Il "rumore" dei giovani

È calato il sipario sul Sinodo dei Giovani: venticinque giorni di lavoro in Vaticano per 240 vescovi di tutto il mondo e 32 “uditori”, giovani ed esperti del settore. Un incontro intenso e vivace dove i giovani hanno “fatto rumore” sollecitati in questo dallo stesso papa - e hanno contagiato i vescovi con il loro entusiasmo - Ora la responsabilità di continuare torna alle diocesi, alle parrocchie, agli oratori: “Quello che è accaduto in Vaticano per 25 giorni – sottolinea don Emanuele Poletti, direttore dell’ufficio per la pastorale dell’età evolutiva (Upee) – dovrebbe continuare ad accadere qui, per portare a scelte concrete che siano utili e opportune per la nostra realtà, facendo ciò che è sostenibile per noi. Il documento finale offre un bello sguardo sulla realtà complessiva. Dall’altra parte indica che bisogna mettersi all’opera là dove si è”. Il Sinodo è iniziato nelle diocesi e con andamento circolare, alla fine ci torna.
Un cammino condiviso, adulti e giovani insieme, vescovi e laici, con pari dignità: è stata questa l’impressione delle persone che hanno partecipato all’assemblea.
“È stato interessante – sottolinea don Emanuele – il processo con cui il Sinodo è accaduto. Molti testimoni diretti mi hanno riferito di aver apprezzato il modo in cui è stato condotto: ognuno aveva diritto di parola, e ciò che dicevano veniva sempre preso in considerazione. Una prima indicazione arrivata alla fine – e ovviamente ce l’aspettavamo - è che la strada da percorrere nella pastorale giovanile è lunga e deve proseguire nei territori”.
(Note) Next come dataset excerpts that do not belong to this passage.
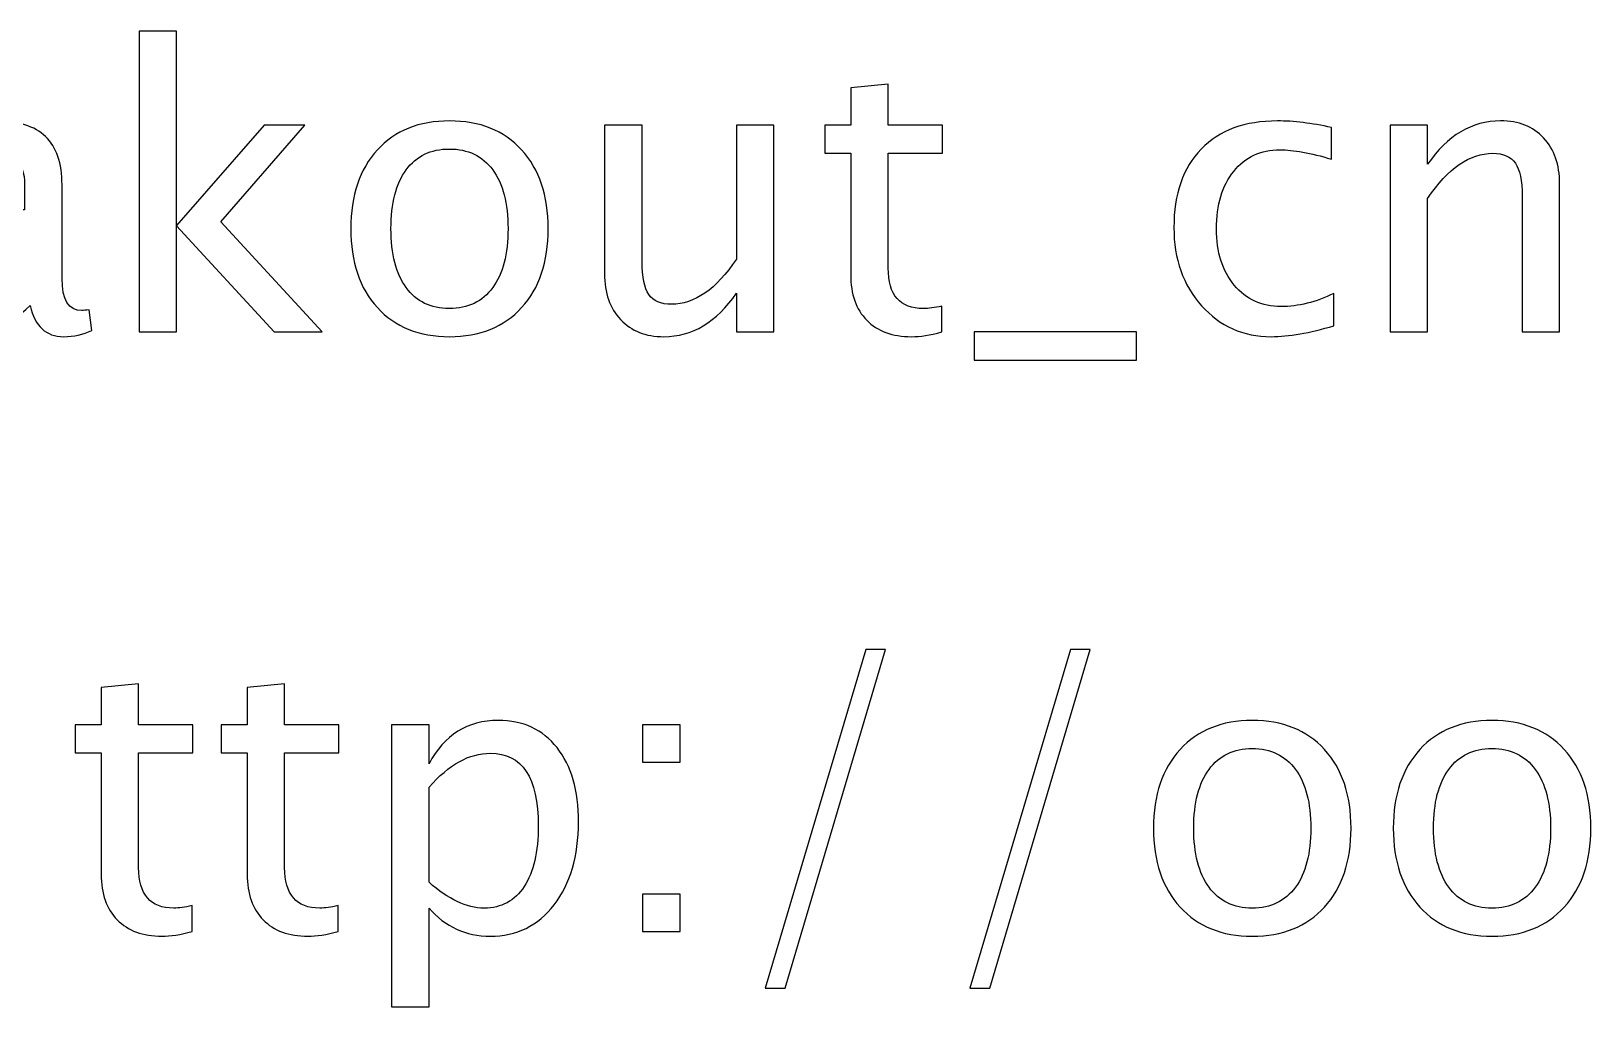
# Model space of a CAD drawing. Header units: centimetres. Extents: x -55 to 43, y -73 to 74.
# Drawn here: x -3.79 to 1.28, y 46.07 to 49.25 of the extents above; entities that cross this region are included whole.
import ezdxf

# ---------------------------------------------------------------- set-up
doc = ezdxf.new("R2010")
doc.units = ezdxf.units.CM
doc.header["$MEASUREMENT"] = 0
doc.layers.add('Layer 1', color=7, linetype='Continuous')

msp = doc.modelspace()

# ---------------------------------------------------------------- linework, layer by layer
at = {"layer": 'Layer 1'}
for points, knots in [([(-3.44171, 48.2673), (-3.44171, 48.2673), (-3.44171, 49.24647), (-3.44171, 49.24647), (-3.44171, 49.24647), (-3.44171, 49.24647), (-3.31979, 49.24647), (-3.31979, 49.24647), (-3.31979, 49.24647), (-3.31979, 49.24647), (-3.31979, 48.6138), (-3.31979, 48.6138), (-3.31979, 48.6138), (-3.31979, 48.6138), (-3.03404, 48.9404), (-3.03404, 48.9404), (-3.03404, 48.9404), (-3.03404, 48.9404), (-2.90238, 48.9404), (-2.90238, 48.9404), (-2.90238, 48.9404), (-2.90238, 48.9404), (-3.17543, 48.62629), (-3.17543, 48.62629), (-3.17543, 48.62629), (-3.17543, 48.62629), (-2.84523, 48.2673), (-2.84523, 48.2673), (-2.84523, 48.2673), (-2.84523, 48.2673), (-3.00229, 48.2673), (-3.00229, 48.2673), (-3.00229, 48.2673), (-3.00229, 48.2673), (-3.31979, 48.61253), (-3.31979, 48.61253), (-3.31979, 48.61253), (-3.31979, 48.61253), (-3.31979, 48.2673), (-3.31979, 48.2673), (-3.31979, 48.2673), (-3.31979, 48.2673), (-3.44171, 48.2673), (-3.44171, 48.2673)], [0, 0, 0, 0, 0.0833333, 0.0833333, 0.0833333, 0.0833333, 0.1666667, 0.1666667, 0.1666667, 0.1666667, 0.25, 0.25, 0.25, 0.25, 0.3333333, 0.3333333, 0.3333333, 0.3333333, 0.4166667, 0.4166667, 0.4166667, 0.4166667, 0.5, 0.5, 0.5, 0.5, 0.5833333, 0.5833333, 0.5833333, 0.5833333, 0.6666667, 0.6666667, 0.6666667, 0.6666667, 0.75, 0.75, 0.75, 0.75, 0.8333333, 0.8333333, 0.8333333, 0.8333333, 1, 1, 1, 1]), ([(-0.82995, 48.26751), (-0.86763, 48.25714), (-0.90043, 48.25206), (-0.92816, 48.25206), (-0.92816, 48.25206), (-0.99039, 48.25206), (-1.03886, 48.26984), (-1.07358, 48.3054), (-1.07358, 48.3054), (-1.1085, 48.34096), (-1.12586, 48.39028), (-1.12586, 48.45357), (-1.12586, 48.45357), (-1.12586, 48.45357), (-1.12586, 48.84896), (-1.12586, 48.84896), (-1.12586, 48.84896), (-1.12586, 48.84896), (-1.2101, 48.84896), (-1.2101, 48.84896), (-1.2101, 48.84896), (-1.2101, 48.84896), (-1.2101, 48.9404), (-1.2101, 48.9404), (-1.2101, 48.9404), (-1.2101, 48.9404), (-1.12586, 48.9404), (-1.12586, 48.9404), (-1.12586, 48.9404), (-1.12586, 48.9404), (-1.12586, 49.06211), (-1.12586, 49.06211), (-1.12586, 49.06211), (-1.12586, 49.06211), (-1.00394, 49.07375), (-1.00394, 49.07375), (-1.00394, 49.07375), (-1.00394, 49.07375), (-1.00394, 48.9404), (-1.00394, 48.9404), (-1.00394, 48.9404), (-1.00394, 48.9404), (-0.82741, 48.9404), (-0.82741, 48.9404), (-0.82741, 48.9404), (-0.82741, 48.9404), (-0.82741, 48.84896), (-0.82741, 48.84896), (-0.82741, 48.84896), (-0.82741, 48.84896), (-1.00394, 48.84896), (-1.00394, 48.84896), (-1.00394, 48.84896), (-1.00394, 48.84896), (-1.00394, 48.47558), (-1.00394, 48.47558), (-1.00394, 48.47558), (-1.00394, 48.38753), (-0.96563, 48.3435), (-0.88922, 48.3435), (-0.88922, 48.3435), (-0.87292, 48.3435), (-0.85323, 48.34625), (-0.82995, 48.35154), (-0.82995, 48.35154), (-0.82995, 48.35154), (-0.82995, 48.26751), (-0.82995, 48.26751)], [0, 0, 0, 0, 0.0555556, 0.0555556, 0.0555556, 0.0555556, 0.1111111, 0.1111111, 0.1111111, 0.1111111, 0.1666667, 0.1666667, 0.1666667, 0.1666667, 0.2222222, 0.2222222, 0.2222222, 0.2222222, 0.2777778, 0.2777778, 0.2777778, 0.2777778, 0.3333333, 0.3333333, 0.3333333, 0.3333333, 0.3888889, 0.3888889, 0.3888889, 0.3888889, 0.4444444, 0.4444444, 0.4444444, 0.4444444, 0.5, 0.5, 0.5, 0.5, 0.5555556, 0.5555556, 0.5555556, 0.5555556, 0.6111111, 0.6111111, 0.6111111, 0.6111111, 0.6666667, 0.6666667, 0.6666667, 0.6666667, 0.7222222, 0.7222222, 0.7222222, 0.7222222, 0.7777778, 0.7777778, 0.7777778, 0.7777778, 0.8333333, 0.8333333, 0.8333333, 0.8333333, 0.8888889, 0.8888889, 0.8888889, 0.8888889, 1, 1, 1, 1]), ([(-3.79604, 48.35303), (-3.86927, 48.28572), (-3.93976, 48.25206), (-4.00749, 48.25206), (-4.00749, 48.25206), (-4.06316, 48.25206), (-4.10952, 48.26942), (-4.14613, 48.30434), (-4.14613, 48.30434), (-4.18296, 48.33927), (-4.20138, 48.38329), (-4.20138, 48.43642), (-4.20138, 48.43642), (-4.20138, 48.50987), (-4.17048, 48.56639), (-4.10867, 48.60576), (-4.10867, 48.60576), (-4.04686, 48.64513), (-3.95817, 48.66481), (-3.8426, 48.66481), (-3.8426, 48.66481), (-3.8426, 48.66481), (-3.81403, 48.66481), (-3.81403, 48.66481), (-3.81403, 48.66481), (-3.81403, 48.66481), (-3.81403, 48.74588), (-3.81403, 48.74588), (-3.81403, 48.74588), (-3.81403, 48.82398), (-3.85467, 48.86293), (-3.93616, 48.86293), (-3.93616, 48.86293), (-3.99924, 48.86293), (-4.06824, 48.84303), (-4.14296, 48.80324), (-4.14296, 48.80324), (-4.14296, 48.80324), (-4.14296, 48.90357), (-4.14296, 48.90357), (-4.14296, 48.90357), (-4.06083, 48.93744), (-3.98336, 48.95437), (-3.91076, 48.95437), (-3.91076, 48.95437), (-3.83604, 48.95437), (-3.7808, 48.93744), (-3.74545, 48.90336), (-3.74545, 48.90336), (-3.70989, 48.86928), (-3.69211, 48.81679), (-3.69211, 48.74588), (-3.69211, 48.74588), (-3.69211, 48.74588), (-3.69211, 48.44171), (-3.69211, 48.44171), (-3.69211, 48.44171), (-3.69211, 48.37208), (-3.67073, 48.33715), (-3.62776, 48.33715), (-3.62776, 48.33715), (-3.62247, 48.33715), (-3.61464, 48.338), (-3.60427, 48.33969), (-3.60427, 48.33969), (-3.60427, 48.33969), (-3.59559, 48.27196), (-3.59559, 48.27196), (-3.59559, 48.27196), (-3.62332, 48.25862), (-3.6538, 48.25206), (-3.68724, 48.25206), (-3.68724, 48.25206), (-3.74418, 48.25206), (-3.78037, 48.28572), (-3.79604, 48.35303)], [0, 0, 0, 0, 0.05, 0.05, 0.05, 0.05, 0.1, 0.1, 0.1, 0.1, 0.15, 0.15, 0.15, 0.15, 0.2, 0.2, 0.2, 0.2, 0.25, 0.25, 0.25, 0.25, 0.3, 0.3, 0.3, 0.3, 0.35, 0.35, 0.35, 0.35, 0.4, 0.4, 0.4, 0.4, 0.45, 0.45, 0.45, 0.45, 0.5, 0.5, 0.5, 0.5, 0.55, 0.55, 0.55, 0.55, 0.6, 0.6, 0.6, 0.6, 0.65, 0.65, 0.65, 0.65, 0.7, 0.7, 0.7, 0.7, 0.75, 0.75, 0.75, 0.75, 0.8, 0.8, 0.8, 0.8, 0.85, 0.85, 0.85, 0.85, 0.9, 0.9, 0.9, 0.9, 1, 1, 1, 1]), ([(-2.43142, 48.25206), (-2.53027, 48.25206), (-2.60858, 48.2836), (-2.66616, 48.34668), (-2.66616, 48.34668), (-2.72394, 48.40975), (-2.75273, 48.49548), (-2.75273, 48.60364), (-2.75273, 48.60364), (-2.75273, 48.71159), (-2.72394, 48.7971), (-2.66616, 48.85997), (-2.66616, 48.85997), (-2.60858, 48.92283), (-2.53027, 48.95437), (-2.43142, 48.95437), (-2.43142, 48.95437), (-2.33257, 48.95437), (-2.25425, 48.92283), (-2.19668, 48.85997), (-2.19668, 48.85997), (-2.1389, 48.7971), (-2.11011, 48.71159), (-2.11011, 48.60364), (-2.11011, 48.60364), (-2.11011, 48.49548), (-2.1389, 48.40975), (-2.19668, 48.34668), (-2.19668, 48.34668), (-2.25425, 48.2836), (-2.33257, 48.25206), (-2.43142, 48.25206)], [0, 0, 0, 0, 0.1111111, 0.1111111, 0.1111111, 0.1111111, 0.2222222, 0.2222222, 0.2222222, 0.2222222, 0.3333333, 0.3333333, 0.3333333, 0.3333333, 0.4444444, 0.4444444, 0.4444444, 0.4444444, 0.5555556, 0.5555556, 0.5555556, 0.5555556, 0.6666667, 0.6666667, 0.6666667, 0.6666667, 0.7777778, 0.7777778, 0.7777778, 0.7777778, 1, 1, 1, 1]), ([(-1.49755, 48.2673), (-1.49755, 48.2673), (-1.49755, 48.39388), (-1.49755, 48.39388), (-1.49755, 48.39388), (-1.56253, 48.29926), (-1.64148, 48.25206), (-1.73419, 48.25206), (-1.73419, 48.25206), (-1.79304, 48.25206), (-1.83981, 48.27048), (-1.87453, 48.30752), (-1.87453, 48.30752), (-1.90945, 48.34456), (-1.92681, 48.3943), (-1.92681, 48.45717), (-1.92681, 48.45717), (-1.92681, 48.45717), (-1.92681, 48.9404), (-1.92681, 48.9404), (-1.92681, 48.9404), (-1.92681, 48.9404), (-1.80489, 48.9404), (-1.80489, 48.9404), (-1.80489, 48.9404), (-1.80489, 48.9404), (-1.80489, 48.49696), (-1.80489, 48.49696), (-1.80489, 48.49696), (-1.80489, 48.44637), (-1.79748, 48.4106), (-1.78288, 48.38943), (-1.78288, 48.38943), (-1.76806, 48.36805), (-1.74351, 48.35747), (-1.709, 48.35747), (-1.709, 48.35747), (-1.6345, 48.35747), (-1.5638, 48.40637), (-1.49755, 48.50437), (-1.49755, 48.50437), (-1.49755, 48.50437), (-1.49755, 48.9404), (-1.49755, 48.9404), (-1.49755, 48.9404), (-1.49755, 48.9404), (-1.37563, 48.9404), (-1.37563, 48.9404), (-1.37563, 48.9404), (-1.37563, 48.9404), (-1.37563, 48.2673), (-1.37563, 48.2673), (-1.37563, 48.2673), (-1.37563, 48.2673), (-1.49755, 48.2673), (-1.49755, 48.2673)], [0, 0, 0, 0, 0.0666667, 0.0666667, 0.0666667, 0.0666667, 0.1333333, 0.1333333, 0.1333333, 0.1333333, 0.2, 0.2, 0.2, 0.2, 0.2666667, 0.2666667, 0.2666667, 0.2666667, 0.3333333, 0.3333333, 0.3333333, 0.3333333, 0.4, 0.4, 0.4, 0.4, 0.4666667, 0.4666667, 0.4666667, 0.4666667, 0.5333333, 0.5333333, 0.5333333, 0.5333333, 0.6, 0.6, 0.6, 0.6, 0.6666667, 0.6666667, 0.6666667, 0.6666667, 0.7333333, 0.7333333, 0.7333333, 0.7333333, 0.8, 0.8, 0.8, 0.8, 0.8666667, 0.8666667, 0.8666667, 0.8666667, 1, 1, 1, 1]), ([(0.4464, 48.28762), (0.36745, 48.26391), (0.29929, 48.25206), (0.24193, 48.25206), (0.24193, 48.25206), (0.15091, 48.25206), (0.07556, 48.28572), (0.01566, 48.35281), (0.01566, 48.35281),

Il documento finale, in attesa delle conclusioni di Papa Francesco, offre già alcune linee operative: “Dobbiamo continuare a costruire piccoli processi creando legami tra le generazioni, le responsabilità e i carismi, che in un modo o nell’altro si interfacciano con i mondi giovanili. Bisogna che gli adulti, ciascuno secondo la propria vocazione, si siedano intorno ad un tavolo e provino a interrogarsi e a lasciarsi provocare dai giovani”.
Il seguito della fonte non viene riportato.